[Collected data]
──────────

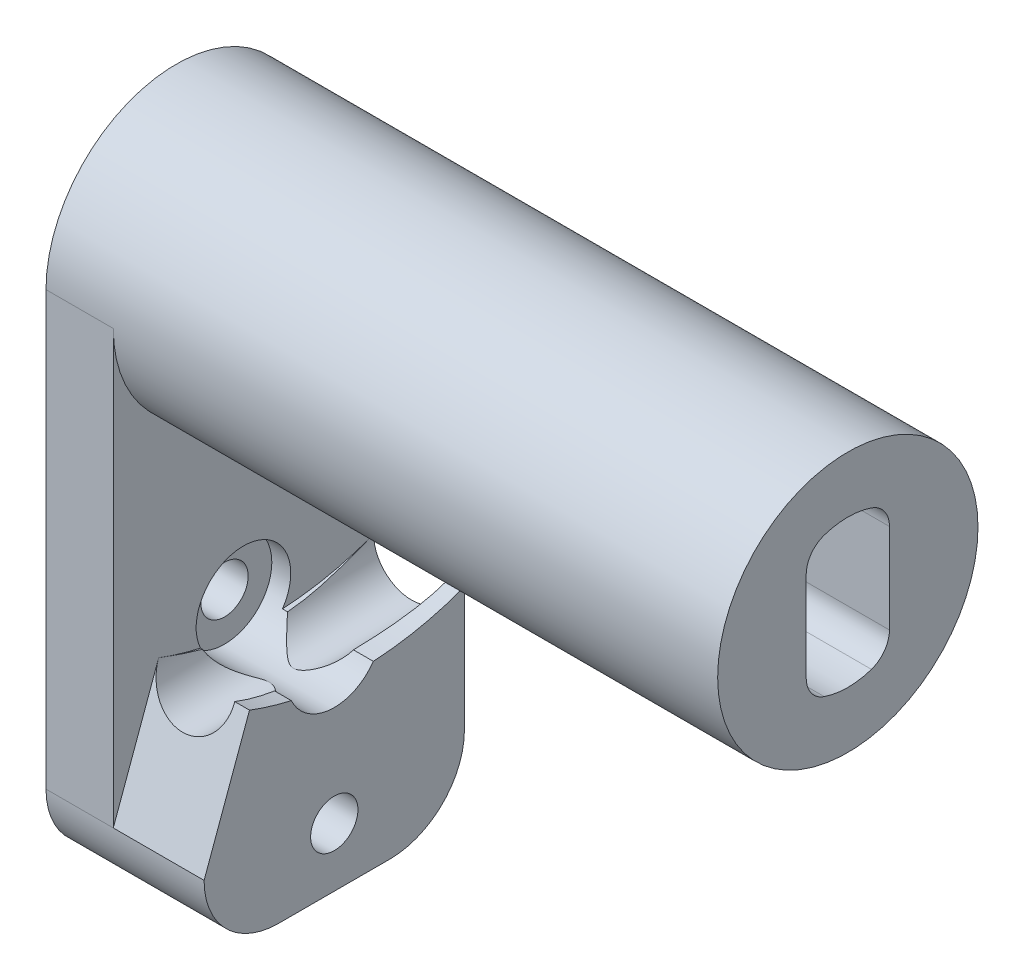
SolidWorks part; units mm, degrees
material "ABS"
ref_plane "Front Plane" through (0, 0, 0) normal (1, 0, 0) x (0, 1, 0)
ref_plane "Top Plane" through (0, 0, 0) normal (0, 0, 1) x (0, 1, 0)
ref_plane "Right Plane" through (0, 0, 0) normal (0, 1, 0) x (-1, 0, 0)
sketch "Sketch1" plane through (0, 0, 0) normal (1, 0, 0) x (0, 1, 0)
  circle A2 centre (0, 0) radius 8.7376
  dimension "D3" = 17.4752
extrude "Boss-Extrude1" add sketch "Sketch1" along normal blind 45.085 contours A2 region at (0, 0, 0)
sketch "Sketch10" plane through (0, 0, 0) normal (-1, 0, 0) x (0, -1, 0)
  line L0 (0, 8.7376) -> (34.036, 8.7376)
  line L2 (34.036, 8.7376) -> (34.036, -8.7376)
  line L3 (34.036, -8.7376) -> (0, -8.7376)
  circle A0 centre (0, 0) radius 8.7376 construction
  arc A2 (0, 8.7376) -> (0, -8.7376) centre (0, 0) cw
  dimension "D1" = 34.036
extrude "Boss-Extrude3" add sketch "Sketch10" against normal blind 4.516 contours L0 A2 L3 L2 region at (0, -20.3793, 0)
fillet "Fillet2" radius 5 2 edges at (2.258, -34.036, 8.7376) (2.258, -34.036, -8.7376)
sketch "Sketch14" [suppressed] plane through (0, 0, 0) normal (-1, 0, 0) x (0, 0, 1)
  line L0 (0.5115, -3.4237) -> (0.3944, -4.0089)
  line L1 (0, 0) -> (0, -4.064) construction
  line L2 (0, 0) -> (0.5606, -3.4335) construction
  line L3 (0.6039, -3.4087) -> (0.9011, -3.9262)
  line L4 (-0.6903, -3.3922) -> (-1.0005, -3.9021)
  line L5 (-0.5983, -3.4096) -> (-0.4961, -3.9976)
  line L6 (-1.8089, -2.9515) -> (-2.2748, -3.3245)
  line L7 (-1.7284, -2.9994) -> (-1.8334, -3.5869)
  line L8 (-2.7093, -2.1549) -> (-3.2746, -2.346)
  line L9 (-2.65, -2.2273) -> (-2.9496, -2.7435)
  line L10 (-3.2829, -1.0983) -> (-3.8795, -1.0846)
  line L11 (-3.252, -1.1867) -> (-3.7101, -1.5692)
  line L12 (-3.4605, 0.0907) -> (-4.0165, 0.3077)
  line L13 (-3.4617, -0.0029) -> (-4.023, -0.2057)
  line L14 (-3.2208, 1.2689) -> (-3.669, 1.6629)
  line L15 (-3.2539, 1.1813) -> (-3.8507, 1.1827)
  line L16 (-2.5926, 2.2939) -> (-2.879, 2.8175)
  line L17 (-2.6537, 2.223) -> (-3.214, 2.4284)
  line L18 (-1.6517, 3.0423) -> (-1.7417, 3.6323)
  line L19 (-1.7333, 2.9965) -> (-2.1896, 3.3812)
  line L20 (-0.5115, 3.4237) -> (-0.3944, 4.0089)
  line L21 (-0.6039, 3.4087) -> (-0.9011, 3.9262)
  line L22 (0.6903, 3.3922) -> (1.0005, 3.9021)
  line L23 (0.5983, 3.4096) -> (0.4961, 3.9976)
  line L24 (1.8089, 2.9515) -> (2.2748, 3.3245)
  line L25 (1.7284, 2.9994) -> (1.8334, 3.5869)
  line L26 (2.7093, 2.1549) -> (3.2746, 2.346)
  line L27 (2.65, 2.2273) -> (2.9496, 2.7435)
  line L28 (3.2829, 1.0983) -> (3.8795, 1.0846)
  line L29 (3.252, 1.1867) -> (3.7101, 1.5692)
  line L30 (3.4605, -0.0907) -> (4.0165, -0.3077)
  line L31 (3.4617, 0.0029) -> (4.023, 0.2057)
  line L32 (3.2208, -1.2689) -> (3.669, -1.6629)
  line L33 (3.2539, -1.1813) -> (3.8507, -1.1827)
  line L34 (2.5926, -2.2939) -> (2.879, -2.8175)
  line L35 (2.6537, -2.223) -> (3.214, -2.4284)
  line L36 (1.6517, -3.0423) -> (1.7417, -3.6323)
  line L37 (1.7333, -2.9965) -> (2.1896, -3.3812)
  line L38 (-0.1032, -4.0627) -> (0, -4.064)
  line L39 (-1.4865, -3.7824) -> (-1.39, -3.8189)
  line L40 (-2.6905, -3.0459) -> (-2.6123, -3.1132)
  line L41 (-3.5195, -2.032) -> (-3.57, -1.942)
  line L42 (-4.0023, -0.7057) -> (-4.0189, -0.6039)
  line L43 (-4.0023, 0.7057) -> (-3.9831, 0.8071)
  line L44 (-3.5195, 2.032) -> (-3.4668, 2.1207)
  line L45 (-2.6123, 3.1132) -> (-2.5324, 3.1785)
  line L46 (-1.39, 3.8189) -> (-1.2926, 3.853)
  line L47 (0, 4.064) -> (0.1032, 4.0627)
  line L48 (1.39, 3.8189) -> (1.4865, 3.7824)
  line L49 (2.6123, 3.1132) -> (2.6905, 3.0459)
  line L50 (3.5195, 2.032) -> (3.57, 1.942)
  line L51 (4.0023, 0.7057) -> (4.0189, 0.6039)
  line L52 (4.0023, -0.7057) -> (3.9831, -0.8071)
  line L53 (3.5195, -2.032) -> (3.4668, -2.1207)
  line L54 (2.6123, -3.1132) -> (2.5324, -3.1785)
  line L55 (1.39, -3.8189) -> (1.2926, -3.853)
  arc A0 (0.3497, -4.0489) -> (0, -4.064) centre (0, 0) cw
  arc A1 (0.3497, -4.0489) -> (0.3944, -4.0089) centre (0.3454, -3.9991) ccw
  arc A2 (0.5115, -3.4237) -> (0.6039, -3.4087) centre (0.5606, -3.4335) cw
  arc A3 (0.4203, -4.0631) -> (0.3944, -4.0089) centre (0.4434, -4.0187) cw
  arc A4 (0.4203, -4.0631) -> (0.7372, -4.2116) centre (2.3016, -0.4608) ccw
  arc A6 (0.9562, -3.9499) -> (0.9011, -3.9262) centre (0.9445, -3.9013) cw
  arc A7 (0.9562, -3.9499) -> (1.2926, -3.853) centre (0, 0) ccw
  arc A8 (-1.0562, -3.9243) -> (-1.39, -3.8189) centre (0, 0) cw
  arc A9 (-1.0562, -3.9243) -> (-1.0005, -3.9021) centre (-1.0432, -3.8761) ccw
  arc A10 (-0.6903, -3.3922) -> (-0.5983, -3.4096) centre (-0.6476, -3.4182) cw
  arc A11 (-0.4524, -4.0387) -> (-0.4961, -3.9976) centre (-0.4468, -3.9891) cw
  arc A12 (-0.4524, -4.0387) -> (-0.1032, -4.0627) centre (0, 0) ccw
  arc A13 (-2.3347, -3.3264) -> (-2.6123, -3.1132) centre (0, 0) cw
  arc A14 (-2.3347, -3.3264) -> (-2.2748, -3.3245) centre (-2.306, -3.2855) ccw
  arc A15 (-1.8089, -2.9515) -> (-1.7284, -2.9994) centre (-1.7776, -2.9906) cw
  arc A16 (-1.8064, -3.6405) -> (-1.8334, -3.5869) centre (-1.7842, -3.5957) cw
  arc A17 (-1.8064, -3.6405) -> (-1.4865, -3.7824) centre (0, 0) ccw
  arc A18 (-3.3316, -2.3273) -> (-3.5195, -2.032) centre (0, 0) cw
  arc A19 (-3.3316, -2.3273) -> (-3.2746, -2.346) centre (-3.2906, -2.2987) ccw
  arc A20 (-2.7093, -2.1549) -> (-2.65, -2.2273) centre (-2.6933, -2.2022) cw
  arc A21 (-2.9426, -2.8031) -> (-2.9496, -2.7435) centre (-2.9064, -2.7686) cw
  arc A22 (-2.9426, -2.8031) -> (-2.6905, -3.0459) centre (0, 0) ccw
  arc A23 (-3.9267, -1.0475) -> (-4.0023, -0.7057) centre (0, 0) cw
  arc A24 (-3.9267, -1.0475) -> (-3.8795, -1.0846) centre (-3.8784, -1.0346) ccw
  arc A25 (-3.2829, -1.0983) -> (-3.252, -1.1867) centre (-3.284, -1.1483) cw
  arc A26 (-3.7238, -1.6276) -> (-3.7101, -1.5692) centre (-3.678, -1.6076) cw
  arc A27 (-3.7238, -1.6276) -> (-3.57, -1.942) centre (0, 0) ccw
  arc A28 (-4.0481, 0.3587) -> (-4.0023, 0.7057) centre (0, 0) cw
  arc A29 (-4.0481, 0.3587) -> (-4.0165, 0.3077) centre (-3.9983, 0.3543) ccw
  arc A30 (-3.4605, 0.0907) -> (-3.4617, -0.0029) centre (-3.4787, 0.0442) cw
  arc A31 (-4.0559, -0.2558) -> (-4.023, -0.2057) centre (-4.006, -0.2527) cw
  arc A32 (-4.0559, -0.2558) -> (-4.0189, -0.6039) centre (0, 0) ccw
  arc A33 (-3.6813, 1.7216) -> (-3.5195, 2.032) centre (0, 0) cw
  arc A34 (-3.6813, 1.7216) -> (-3.669, 1.6629) centre (-3.636, 1.7005) ccw
  arc A35 (-3.2208, 1.2689) -> (-3.2539, 1.1813) centre (-3.2538, 1.2313) cw
  arc A36 (-3.8988, 1.1468) -> (-3.8507, 1.1827) centre (-3.8509, 1.1327) cw
  arc A37 (-3.8988, 1.1468) -> (-3.9831, 0.8071) centre (0, 0) ccw
  arc A38 (-2.8705, 2.8769) -> (-2.6123, 3.1132) centre (0, 0) cw
  arc A39 (-2.8705, 2.8769) -> (-2.879, 2.8175) centre (-2.8352, 2.8415) ccw
  arc A40 (-2.5926, 2.2939) -> (-2.6537, 2.223) centre (-2.6365, 2.2699) cw
  arc A41 (-3.2715, 2.4111) -> (-3.214, 2.4284) centre (-3.2312, 2.3815) cw
  arc A42 (-3.2715, 2.4111) -> (-3.4668, 2.1207) centre (0, 0) ccw
  arc A43 (-1.7134, 3.6852) -> (-1.39, 3.8189) centre (0, 0) cw
  arc A44 (-1.7134, 3.6852) -> (-1.7417, 3.6323) centre (-1.6923, 3.6398) ccw
  arc A45 (-1.6517, 3.0423) -> (-1.7333, 2.9965) centre (-1.7011, 3.0348) cw
  arc A46 (-2.2495, 3.3846) -> (-2.1896, 3.3812) centre (-2.2218, 3.343) cw
  arc A47 (-2.2495, 3.3846) -> (-2.5324, 3.1785) centre (0, 0) ccw
  arc A48 (-0.3497, 4.0489) -> (0, 4.064) centre (0, 0) cw
  arc A49 (-0.3497, 4.0489) -> (-0.3944, 4.0089) centre (-0.3454, 3.9991) ccw
  arc A50 (-0.5115, 3.4237) -> (-0.6039, 3.4087) centre (-0.5606, 3.4335) cw
  arc A51 (-0.9562, 3.9499) -> (-0.9011, 3.9262) centre (-0.9445, 3.9013) cw
  arc A52 (-0.9562, 3.9499) -> (-1.2926, 3.853) centre (0, 0) ccw
  arc A53 (1.0562, 3.9243) -> (1.39, 3.8189) centre (0, 0) cw
  arc A54 (1.0562, 3.9243) -> (1.0005, 3.9021) centre (1.0432, 3.8761) ccw
  arc A55 (0.6903, 3.3922) -> (0.5983, 3.4096) centre (0.6476, 3.4182) cw
  arc A56 (0.4524, 4.0387) -> (0.4961, 3.9976) centre (0.4468, 3.9891) cw
  arc A57 (0.4524, 4.0387) -> (0.1032, 4.0627) centre (0, 0) ccw
  arc A58 (2.3347, 3.3264) -> (2.6123, 3.1132) centre (0, 0) cw
  arc A59 (2.3347, 3.3264) -> (2.2748, 3.3245) centre (2.306, 3.2855) ccw
  arc A60 (1.8089, 2.9515) -> (1.7284, 2.9994) centre (1.7776, 2.9906) cw
  arc A61 (1.8064, 3.6405) -> (1.8334, 3.5869) centre (1.7842, 3.5957) cw
  arc A62 (1.8064, 3.6405) -> (1.4865, 3.7824) centre (0, 0) ccw
  arc A63 (3.3316, 2.3273) -> (3.5195, 2.032) centre (0, 0) cw
  arc A64 (3.3316, 2.3273) -> (3.2746, 2.346) centre (3.2906, 2.2987) ccw
  arc A65 (2.7093, 2.1549) -> (2.65, 2.2273) centre (2.6933, 2.2022) cw
  arc A66 (2.9426, 2.8031) -> (2.9496, 2.7435) centre (2.9064, 2.7686) cw
  arc A67 (2.9426, 2.8031) -> (2.6905, 3.0459) centre (0, 0) ccw
  arc A68 (3.9267, 1.0475) -> (4.0023, 0.7057) centre (0, 0) cw
  arc A69 (3.9267, 1.0475) -> (3.8795, 1.0846) centre (3.8784, 1.0346) ccw
  arc A70 (3.2829, 1.0983) -> (3.252, 1.1867) centre (3.284, 1.1483) cw
  arc A71 (3.7238, 1.6276) -> (3.7101, 1.5692) centre (3.678, 1.6076) cw
  arc A72 (3.7238, 1.6276) -> (3.57, 1.942) centre (0, 0) ccw
  arc A73 (4.0481, -0.3587) -> (4.0023, -0.7057) centre (0, 0) cw
  arc A74 (4.0481, -0.3587) -> (4.0165, -0.3077) centre (3.9983, -0.3543) ccw
  arc A75 (3.4605, -0.0907) -> (3.4617, 0.0029) centre (3.4787, -0.0442) cw
  arc A76 (4.0559, 0.2558) -> (4.023, 0.2057) centre (4.006, 0.2527) cw
  arc A77 (4.0559, 0.2558) -> (4.0189, 0.6039) centre (0, 0) ccw
  arc A78 (3.6813, -1.7216) -> (3.5195, -2.032) centre (0, 0) cw
  arc A79 (3.6813, -1.7216) -> (3.669, -1.6629) centre (3.636, -1.7005) ccw
  arc A80 (3.2208, -1.2689) -> (3.2539, -1.1813) centre (3.2538, -1.2313) cw
  arc A81 (3.8988, -1.1468) -> (3.8507, -1.1827) centre (3.8509, -1.1327) cw
  arc A82 (3.8988, -1.1468) -> (3.9831, -0.8071) centre (0, 0) ccw
  arc A83 (2.8705, -2.8769) -> (2.6123, -3.1132) centre (0, 0) cw
  arc A84 (2.8705, -2.8769) -> (2.879, -2.8175) centre (2.8352, -2.8415) ccw
  arc A85 (2.5926, -2.2939) -> (2.6537, -2.223) centre (2.6365, -2.2699) cw
  arc A86 (3.2715, -2.4111) -> (3.214, -2.4284) centre (3.2312, -2.3815) cw
  arc A87 (3.2715, -2.4111) -> (3.4668, -2.1207) centre (0, 0) ccw
  arc A88 (1.7134, -3.6852) -> (1.39, -3.8189) centre (0, 0) cw
  arc A89 (1.7134, -3.6852) -> (1.7417, -3.6323) centre (1.6923, -3.6398) ccw
  arc A90 (1.6517, -3.0423) -> (1.7333, -2.9965) centre (1.7011, -3.0348) cw
  arc A91 (2.2495, -3.3846) -> (2.1896, -3.3812) centre (2.2218, -3.343) cw
  arc A92 (2.2495, -3.3846) -> (2.5324, -3.1785) centre (0, 0) ccw
  point P207 (0, 0)
  dimension "D1" = 4.064
  dimension "D2" = 0.05
  dimension "D3" = 0.05
  dimension "D4" = 0.04
  dimension "D5" = 18
  dimension "D6" = 0.5968
  dimension "D8" = 0.35
sketch "Sketch15" plane through (4.516, 0, 0) normal (1, 0, 0) x (0, 1, 0)
  line L1 (-29.036, 8.7376) -> (-20.066, 5.4728)
  line L2 (-20.066, 5.4728) -> (-20.066, -8.7376)
  line L5 (-34.036, 3.7376) -> (-34.036, -3.7376) construction
  line L6 (-34.036, 3.7376) -> (-34.036, -3.7376)
  line L9 (-29.036, -8.7376) -> (0, -8.7376) construction
  line L13 (0, 8.7376) -> (-29.036, 8.7376)
  line L14 (-34.036, 3.7376) -> (-34.036, -3.7376)
  line L15 (-29.036, -8.7376) -> (0, -8.7376)
  line L17 (-34.036, 3.7376) -> (-34.036, -3.7376)
  line L18 (-29.036, -8.7376) -> (-20.066, -8.7376)
  arc A0 (-29.036, 8.7376) -> (-34.036, 3.7376) centre (-29.036, 3.7376) ccw construction
  arc A1 (-34.036, -3.7376) -> (-29.036, -8.7376) centre (-29.036, -3.7376) ccw construction
  arc A2 (-29.036, 8.7376) -> (-34.036, 3.7376) centre (-29.036, 3.7376) ccw
  arc A3 (-34.036, -3.7376) -> (-29.036, -8.7376) centre (-29.036, -3.7376) ccw
  arc A7 (-29.036, 8.7376) -> (-34.036, 3.7376) centre (-29.036, 3.7376) ccw
  arc A8 (-34.036, -3.7376) -> (-29.036, -8.7376) centre (-29.036, -3.7376) ccw
  arc A9 (0, 8.7376) -> (0, -8.7376) centre (0, 0) ccw
  arc A10 (-29.036, 8.7376) -> (-34.036, 3.7376) centre (-29.036, 3.7376) ccw
  arc A11 (-34.036, -3.7376) -> (-29.036, -8.7376) centre (-29.036, -3.7376) ccw
  arc A12 (0, 8.7376) -> (0, -8.7376) centre (0, 0) ccw
  line M2 (0, 8.7376) -> (-29.036, 8.7376)
  arc M3 (-29.036, 8.7376) -> (-34.036, 3.7376) centre (-29.036, 3.7376) ccw
  line M4 (-34.036, 3.7376) -> (-34.036, -3.7376)
  arc M5 (-34.036, -3.7376) -> (-29.036, -8.7376) centre (-29.036, -3.7376) ccw
  dimension "D1" = 13.97
  dimension "D3" = 20
  dimension "D2" = 0
extrude "Boss-Extrude4" add sketch "Sketch15" along normal blind 6.096 contours M2 M3 M4 M5 region at (4.516, -27.0306, -0.512)
sketch "Sketch21" plane through (10.612, 0, 0) normal (1, 0, 0) x (0, 1, 0)
  line L2 (-20.066, -8.7376) -> (-20.066, 5.4728)
  line L4 (-29.036, 8.7376) -> (-20.066, 5.4728) construction
  line L5 (-20.701, -8.7376) -> (-20.066, -8.7376)
  line L6 (-20.066, 5.4728) -> (-20.066, -8.7376) construction
  line L7 (-29.036, -8.7376) -> (-20.066, -8.7376) construction
  line L14 (-20.066, -8.7376) -> (-20.066, 5.4728) construction
  line L20 (-20.066, 5.4728) -> (-29.036, 8.7376)
  arc A2 (-20.701, -8.7376) -> (-20.6627, 5.69) centre (-1.6855, -1.5742) cw
  dimension "D4" = 20.32
  dimension "D2" = 0.635
  dimension "D3" = 0.635
extrude "Cut-Extrude8" cut sketch "Sketch21" against normal up to surface (6.096 mm away) contours A2 L2 region at (10.612, -20.8712, -1.5751) up to face at (4.516, -15.5811, 1.0946)
sketch "Sketch22" plane through (45.085, 0, 0) normal (1, 0, 0) x (0, 1, 0)
  line L7 (-4.0897, -2.794) -> (4.0897, 2.794) construction
  line L8 (-4.0897, 2.794) -> (4.0897, -2.794) construction
  line L11 (-4.0897, -2.794) -> (4.0897, -2.794)
  line L13 (-4.0897, 2.794) -> (4.0897, 2.794)
  line L15 (-4.0897, -2.794) -> (4.0897, 2.794) construction
  line L16 (-4.0897, 2.794) -> (4.0897, -2.794) construction
  arc A3 (-4.0897, 2.794) -> (-4.0897, -2.794) centre (0, 0) ccw
  arc A4 (4.0897, -2.794) -> (4.0897, 2.794) centre (0, 0) ccw
  dimension "D2" = 9.906
  dimension "D3" = 5.588
extrude "Cut-Extrude10" cut sketch "Sketch22" against normal blind 12.192
sketch "Sketch23" plane through (0, 0, 0) normal (-1, 0, 0) x (0, 0, 1)
  line L0 (0, -33.5187) -> (0, 0) construction
  line L2 (0, -30.0897) -> (0, -20.1843) construction
  line L3 (0, -20.1843) -> (0, -10.279) construction
  line L6 (-3.7376, -33.5187) -> (3.7376, -33.5187)
  line L7 (8.2296, -29.0267) -> (8.2296, 0)
  line L8 (-8.2296, 0) -> (-8.2296, -29.0267)
  arc A6 (-8.2296, -29.0267) -> (-3.7376, -33.5187) centre (-3.7376, -29.0267) ccw
  arc A7 (3.7376, -33.5187) -> (8.2296, -29.0267) centre (3.7376, -29.0267) ccw
  arc A8 (8.2296, 0) -> (-8.2296, 0) centre (0, 0) ccw
  circle A9 centre (0, -30.0897) radius 1.5875
  circle A10 centre (0, -20.1843) radius 1.5875
  dimension "D1" = 3.175
  dimension "D3" = 4.492
  dimension "D5" = 8.2296
  dimension "D2" = 9.9054
  dimension "D4" = 29.0267
  dimension "D6" = 3.429
extrude "Cut-Extrude11" cut sketch "Sketch23" against normal through all contours A10 | A9 region at (0, -30.0897, 0) region at (0, -20.1843, 0)
sketch "Sketch24" plane through (4.516, 0, 0) normal (1, 0, 0) x (0, 1, 0)
  circle A0 centre (-20.1843, 0) radius 1.5875 construction
  circle A1 centre (-20.1843, 0) radius 1.5875
  circle A2 centre (-20.1843, 0) radius 3.175
  dimension "D1" = 6.35
extrude "Cut-Extrude12" cut sketch "Sketch24" along normal through all
extrude "Cut-Extrude13" cut sketch "Sketch24<2>" against normal blind 1.27
sketch "Sketch24<2>" plane through (4.516, 0, 0) normal (1, 0, 0) x (0, 1, 0) same geometry as "Sketch24"
fillet "Fillet11" radius 1.778 4 edges at (38.989, 4.0897, -2.794) (38.989, 4.0897, 2.794) (38.989, -4.0897, -2.794) (38.989, -4.0897, 2.794)
sketch "Sketch25" plane through (0, 0, -8.7376) normal (0, 0, -1) x (1, 0, 0)
  line L3 (4.516, 20.701) -> (4.516, 0) construction
  line L4 (4.516, 20.701) -> (10.612, 20.701) construction
  circle A0 centre (7.0687, 20.701) radius 2.5527
  dimension "D1" = 5.1054
extrude "Cut-Extrude14" cut sketch "Sketch25" against normal through all

──────────

> **EXERCISE AIM**
Could you restate word for word the lines above from the one containing "arc A1 (-34.036, -3.7376)" through the one containing "line L7 (-29.036, -8.7376)", both included, and nothing else?

> **TASK RESPONSE**
  arc A1 (-34.036, -3.7376) -> (-29.036, -8.7376) centre (-29.036, -3.7376) ccw construction
  arc A2 (-29.036, 8.7376) -> (-34.036, 3.7376) centre (-29.036, 3.7376) ccw
  arc A3 (-34.036, -3.7376) -> (-29.036, -8.7376) centre (-29.036, -3.7376) ccw
  arc A7 (-29.036, 8.7376) -> (-34.036, 3.7376) centre (-29.036, 3.7376) ccw
  arc A8 (-34.036, -3.7376) -> (-29.036, -8.7376) centre (-29.036, -3.7376) ccw
  arc A9 (0, 8.7376) -> (0, -8.7376) centre (0, 0) ccw
  arc A10 (-29.036, 8.7376) -> (-34.036, 3.7376) centre (-29.036, 3.7376) ccw
  arc A11 (-34.036, -3.7376) -> (-29.036, -8.7376) centre (-29.036, -3.7376) ccw
  arc A12 (0, 8.7376) -> (0, -8.7376) centre (0, 0) ccw
  line M2 (0, 8.7376) -> (-29.036, 8.7376)
  arc M3 (-29.036, 8.7376) -> (-34.036, 3.7376) centre (-29.036, 3.7376) ccw
  line M4 (-34.036, 3.7376) -> (-34.036, -3.7376)
  arc M5 (-34.036, -3.7376) -> (-29.036, -8.7376) centre (-29.036, -3.7376) ccw
  dimension "D1" = 13.97
  dimension "D3" = 20
  dimension "D2" = 0
extrude "Boss-Extrude4" add sketch "Sketch15" along normal blind 6.096 contours M2 M3 M4 M5 region at (4.516, -27.0306, -0.512)
sketch "Sketch21" plane through (10.612, 0, 0) normal (1, 0, 0) x (0, 1, 0)
  line L2 (-20.066, -8.7376) -> (-20.066, 5.4728)
  line L4 (-29.036, 8.7376) -> (-20.066, 5.4728) construction
  line L5 (-20.701, -8.7376) -> (-20.066, -8.7376)
  line L6 (-20.066, 5.4728) -> (-20.066, -8.7376) construction
  line L7 (-29.036, -8.7376) -> (-20.066, -8.7376) construction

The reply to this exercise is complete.